Task instructions — Filter the records below for the word "Locations". Copy each line that holds it.

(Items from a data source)
[Start of Attachment]
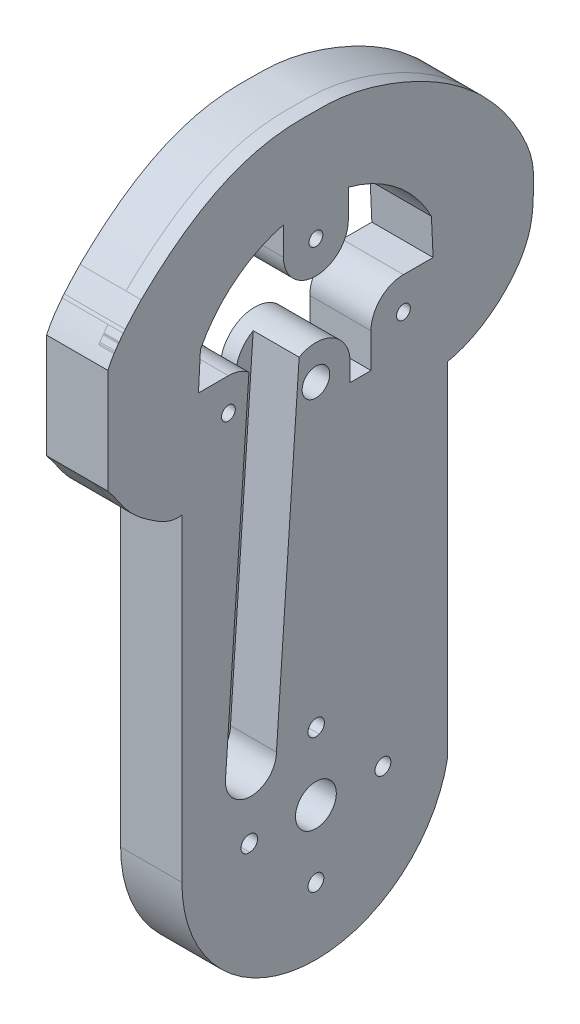
from build123d import *

# Parameters (mm, degrees)
ESQUISSE1_R        = 1.5499999999999952
ESQUISSE1_R_2      = 1.5499999999999983
ESQUISSE1_R_3      = 4.000000000000001
ESQUISSE1_R_4      = 1.5499999999999987
ESQUISSE1_R_5      = 1.3525499999999895
ESQUISSE1_R_6      = 2.705099999999987
ESQUISSE1_R_7      = 1.3525499999999888
ESQUISSE1_R_8      = 1.3525499999999855
BOSS_EXTRU_1_DEPTH = 3
ESQUISSE3_R        = 1.3525499999999735
ESQUISSE3_R_2      = 2.705099999999999
ESQUISSE3_R_3      = 1.352549999999999
ESQUISSE3_R_4      = 1.3525499999999995
ESQUISSE3_R_5      = 1.5499999999999932
ESQUISSE3_R_6      = 1.549999999999969
ESQUISSE3_R_7      = 4.00000000000002
BOSS_EXTRU_2_DEPTH = 6
ESQUISSE4_R        = 1.5499999999999932
ESQUISSE4_R_2      = 4.00000000000002
ESQUISSE4_R_3      = 1.5500000000000196
ESQUISSE4_R_4      = 1.3525499999999724
ESQUISSE4_R_5      = 2.705099999999999
ESQUISSE4_R_6      = 1.352549999999999
BOSS_EXTRU_3_DEPTH = 3


with BuildPart() as part:
    # Esquisse1 → Boss.-Extru.1 (new body)
    with BuildSketch(Plane(origin=(0, 0, 0), x_dir=(0, 0, -1), z_dir=(1, 0, 0))):
        with BuildLine():
            Line((-40.60824999999997, -12.7), (-40.60824999999999, -16.144875000000003))
            Line((-40.60824999999999, -16.144875000000003), (-40.608250000000126, -16.348305131634127))
            add(Edge.make_bspline(
                [(-40.608250000000126, -16.34830513163413), (-40.365634485085174, -16.66119360496381), (-40.112338127058464, -16.96547541984117), (-39.6302050699173, -17.593748723066007), (-39.40068803219234, -17.91719199232713), (-38.71904593852416, -18.893089110716275), (-38.271947043549716, -19.549593056857432), (-37.33854099825812, -20.83100680823567), (-36.855460104120894, -21.45851634129644), (-36.059725811103526, -22.342477590803163), (-35.781944123669106, -22.627029046840978), (-35.20286821244409, -23.177185479911834), (-34.90067438266666, -23.443503751290823), (-33.97194316580395, -24.212706180874235), (-33.32440588222247, -24.68538384924446), (-32.01080528172552, -25.604549776135908), (-31.3480895281368, -26.055770332520353), (-30.303090708448146, -26.660610545558157), (-29.948270215296816, -26.84869689164848), (-29.22248372075406, -27.18497100489982), (-28.851412003903157, -27.33377353761804), (-28.083597976471083, -27.570691367701894), (-27.685315555358933, -27.65797605698594), (-27.090666934399625, -27.715403345514545), (-26.891908645154633, -27.72263102460254), (-26.592836887932044, -27.71293649097741), (-26.492990430934693, -27.70627899212659), (-26.29296393574283, -27.68563201362946), (-26.19273293174235, -27.670522326028014), (-26.092449031487906, -27.65425000000004)],
                knots=[0, 0, 0, 0, 0.06250000000000011, 0.06250000000000011, 0.12500000000000022, 0.12500000000000022, 0.25, 0.25, 0.3749999999999998, 0.3749999999999998, 0.4374999999999999, 0.4374999999999999, 0.5, 0.5, 0.6249999999999997, 0.6249999999999997, 0.7499999999999993, 0.7499999999999993, 0.8124999999999996, 0.8124999999999996, 0.8749999999999998, 0.8749999999999998, 0.9375, 0.9375, 0.96875, 0.96875, 0.9843750000000001, 0.9843750000000001, 1, 1, 1, 1], degree=3))
            Line((-26.09244903148791, -27.654250000000037), (-26.09244903148791, -90))
            ThreePointArc((-26.092449031487916, -90), (2.645516689864672, -116.14013033987462), (25.954024412489332, -85.0613505097137))
            Line((25.954024412489336, -85.0613505097137), (25.954024412489336, -27.654249999999962))
            add(Edge.make_bspline(
                [(25.954024412489336, -27.654249999999955), (27.179118801718648, -27.419536533166706), (28.35337780768259, -27.051803075117984), (30.057053830202985, -26.349187710343546), (30.61512648477753, -26.0892884726289), (31.712904721010446, -25.521429222970447), (32.254485023866394, -25.21211881538357), (33.82720410612195, -24.230350535962074), (34.81402546285917, -23.502087852235476), (36.67200735830084, -21.907218092873883), (37.54332030538343, -21.040793316177776), (38.75190277114726, -19.623473398466476), (39.13471450874684, -19.13496298945798), (39.85101433311271, -18.131439591198927), (40.185535135183365, -17.615291382357196), (40.80136236177384, -16.5505955575091), (41.08263549692741, -16.002027673376396), (41.45701591121505, -15.150237788716874), (41.574249194133394, -14.860422639608764), (41.78971390606594, -14.277065553938337), (41.88804924830858, -13.983513219853538), (42.33468853404608, -12.506770958760937), (42.54623976115454, -11.296312151355938), (42.71756835639342, -9.451511475078737), (42.75061164947975, -8.83067760967362), (42.77285986561765, -7.900507945962923), (42.775360473707075, -7.590422151145716), (42.775559929710695, -6.97022199764531), (42.77208725179593, -6.660100669995436), (42.77208725179598, -6.35000000000085)],
                knots=[0, 0, 0, 0, 0.12499999999999994, 0.12499999999999994, 0.18750000000000008, 0.18750000000000008, 0.2500000000000002, 0.2500000000000002, 0.3750000000000005, 0.3750000000000005, 0.5000000000000008, 0.5000000000000008, 0.5625000000000008, 0.5625000000000008, 0.6250000000000007, 0.6250000000000007, 0.6875000000000007, 0.6875000000000007, 0.7187500000000006, 0.7187500000000006, 0.7500000000000004, 0.7500000000000004, 0.875, 0.875, 0.9374999999999999, 0.9374999999999999, 0.9687499999999999, 0.9687499999999999, 1, 1, 1, 1], degree=3))
            add(Edge.make_bspline(
                [(42.77208725179598, -6.35000000000085), (42.77208725179518, -5.874878454420338), (42.783792206527956, -5.398095979474916), (42.789657916868265, -4.447020545876502), (42.781867466952676, -3.9730044626685204), (42.67254639574517, -2.563152451263197), (42.49917921337603, -1.6375101083020898), (42.10628201696776, -0.2678974591353784), (41.95406853551253, 0.18562504169659108), (41.61481943500583, 1.0877287930782762), (41.430081296584, 1.5302830339265894), (40.84491149528861, 2.8392590835466924), (40.41660456120057, 3.689518780701334), (39.04678328265365, 6.190525131350697), (38.01312330399673, 7.7872515841477075), (36.29165744568243, 10.08210697671183), (35.68850954706187, 10.830664164257108), (34.43654182017242, 12.281738952771459), (33.78619988302627, 12.985690235020341), (33.11207499999998, 13.668565083231329)],
                knots=[0, 0, 0, 0, 0.06250000000000003, 0.06250000000000003, 0.12500000000000006, 0.12500000000000006, 0.24999999999999997, 0.24999999999999997, 0.3124999999999999, 0.3124999999999999, 0.3749999999999999, 0.3749999999999999, 0.5000000000000002, 0.5000000000000002, 0.7500000000000003, 0.7500000000000003, 0.8750000000000001, 0.8750000000000001, 1, 1, 1, 1], degree=3))
            add(Edge.make_bspline(
                [(33.112075, 13.668565083231325), (32.33220795486775, 14.539101946139125), (31.435060987062897, 15.277734234492385)],
                knots=[0, 0, 0, 1, 1, 1], degree=2))
            add(Edge.make_bspline(
                [(31.435060987062897, 15.277734234492385), (30.299691041308236, 16.309376592490306), (29.113704515664836, 17.275445234871217), (26.6466048305771, 19.084346085125258), (25.360475951228903, 19.928267183493574), (21.43229776932603, 22.265681685749215), (18.701678279528252, 23.563722979210173), (14.477833081648752, 25.213127628280468), (13.049229105244862, 25.71486415952927), (10.864398428424204, 26.369911185203367), (10.12906170309748, 26.57183213638624), (8.641563989669635, 26.936524394267035), (7.89083157192484, 27.098844789097125), (5.637990781516612, 27.51241220781118), (4.127431428249407, 27.69372769630636), (2.225306731202307, 27.768676851477696), (1.844136037536198, 27.775542931063026), (1.0809407860587825, 27.779973661479737), (0.6989047691417656, 27.77741348442609), (-0.44634668852812603, 27.779064109234426), (-1.208874123410741, 27.797823926116227), (-2.7326822388819156, 27.815308111039577), (-3.4920854713532217, 27.806304752702626), (-5.004084105432311, 27.739990771478098), (-5.756994671196242, 27.684916502368054), (-8.006157922423963, 27.451797552402233), (-9.492662783689791, 27.204583890743887), (-11.701987235660551, 26.68877527741111), (-12.434852330937622, 26.49146159823533), (-13.894254142024575, 26.051929084747414), (-14.622118918624757, 25.80749349719222), (-16.765417144448694, 25.012233880270134), (-18.15150036933967, 24.400517873976742), (-20.847821734692953, 23.032525232038434), (-22.158708475332947, 22.277484827463585), (-24.716496251974732, 20.645447350961245), (-25.966430559050142, 19.765232599712107), (-28.39125747007988, 17.919703458017853), (-29.567431908494203, 16.954258356946394), (-31.28755717277032, 15.454109034176787), (-31.853805839893464, 14.945666112150485), (-32.972832422867484, 13.912915080440603), (-33.52577930998253, 13.388805976793128), (-34.06609644329648, 12.849822170905842)],
                knots=[0, 0, 0, 0, 0.06250000000000003, 0.06250000000000003, 0.12500000000000006, 0.12500000000000006, 0.25000000000000033, 0.25000000000000033, 0.3125000000000005, 0.3125000000000005, 0.34375000000000056, 0.34375000000000056, 0.3750000000000006, 0.3750000000000006, 0.4375000000000006, 0.4375000000000006, 0.4531250000000006, 0.4531250000000006, 0.4687500000000006, 0.4687500000000006, 0.5000000000000006, 0.5000000000000006, 0.5312500000000006, 0.5312500000000006, 0.5625000000000006, 0.5625000000000006, 0.6250000000000006, 0.6250000000000006, 0.6562500000000006, 0.6562500000000006, 0.6875000000000006, 0.6875000000000006, 0.7500000000000004, 0.7500000000000004, 0.8125000000000003, 0.8125000000000003, 0.8750000000000002, 0.8750000000000002, 0.9375000000000002, 0.9375000000000002, 0.9687500000000001, 0.9687500000000001, 1, 1, 1, 1], degree=3))
            add(Edge.make_bspline(
                [(-34.06609644329648, 12.849822170905837), (-35.159801617542875, 11.692162737351145), (-36.25108162130856, 10.537402840079448), (-37.16658053159576, 9.40494717090583)],
                knots=[0, 0, 0, 0, 1, 1, 1, 1], degree=3))
            ThreePointArc((-37.16658053159577, 9.404947170905835), (-37.36301468524006, 9.16028104187254), (-37.55779661569344, 8.914297524166702))
            add(Edge.make_bspline(
                [(-37.55779661569345, 8.914297524166699), (-38.142933538997205, 8.170182683428195), (-38.70952284495091, 7.412667282430255), (-39.741912271517116, 5.824816800894257), (-40.203133529042645, 4.998794666098791), (-40.60824999999987, 4.142494902026808)],
                knots=[0, 0, 0, 0, 0.5, 0.5, 1, 1, 1, 1], degree=3))
            Line((-40.60824999999987, 4.142494902026814), (-40.60824999999997, -12.7))
        make_face()
        with Locations((0.16510000000002353, -103.12877451574396)):
            Circle(ESQUISSE1_R, mode=Mode.SUBTRACT)
        with Locations((-12.963674515743943, -90.0000000000001)):
            Circle(ESQUISSE1_R_2, mode=Mode.SUBTRACT)
        with Locations((0.16510000000001498, -90)):
            Circle(ESQUISSE1_R_3, mode=Mode.SUBTRACT)
        with Locations((0.1650999999999718, -76.87122548425604)):
            Circle(ESQUISSE1_R_4, mode=Mode.SUBTRACT)
        with Locations((13.293874515743973, -90)):
            Circle(ESQUISSE1_R_2, mode=Mode.SUBTRACT)
        with Locations((-16.979899999999997, -14.922499999999971)):
            Circle(ESQUISSE1_R_5, mode=Mode.SUBTRACT)
        with Locations((0.16510000000000483, -18.224499999999964)):
            Circle(ESQUISSE1_R_6, mode=Mode.SUBTRACT)
        with BuildLine():
            Line((-6.184899999999998, 11.646916554029167), (-6.184899999999998, 6.103472305612069))
            ThreePointArc((-6.184899999999998, 6.103472305612069), (0.165100000000006, -0.24652769438792888), (6.51510000000001, 6.103472305612069))
            Line((6.51510000000001, 6.103472305612069), (6.51510000000001, 11.646916554029167))
            ThreePointArc((6.5151000000000145, 11.646916554029168), (16.056799278049922, 6.8679592799454525), (22.793325, -1.4086148263959402))
            Line((22.793324999999996, -1.408614826395942), (23.125904239958533, -8.57249999999997))
            Line((23.125904239958533, -8.57249999999997), (17.310100000000006, -8.572499999999971))
            ThreePointArc((17.310100000000006, -8.572499999999973), (12.819971939465429, -10.432371939465394), (10.960100000000008, -14.922499999999971))
            Line((10.960100000000006, -14.922499999999971), (10.960100000000006, -21.66937500000002))
            Line((10.960100000000006, -21.66937500000002), (6.880225000000006, -21.669375000000013))
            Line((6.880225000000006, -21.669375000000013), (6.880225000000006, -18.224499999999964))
[End of Attachment]
Finished task —
        with Locations((0.16510000000002353, -103.12877451574396)):
        with Locations((-12.963674515743943, -90.0000000000001)):
        with Locations((0.16510000000001498, -90)):
        with Locations((0.1650999999999718, -76.87122548425604)):
        with Locations((13.293874515743973, -90)):
        with Locations((-16.979899999999997, -14.922499999999971)):
        with Locations((0.16510000000000483, -18.224499999999964)):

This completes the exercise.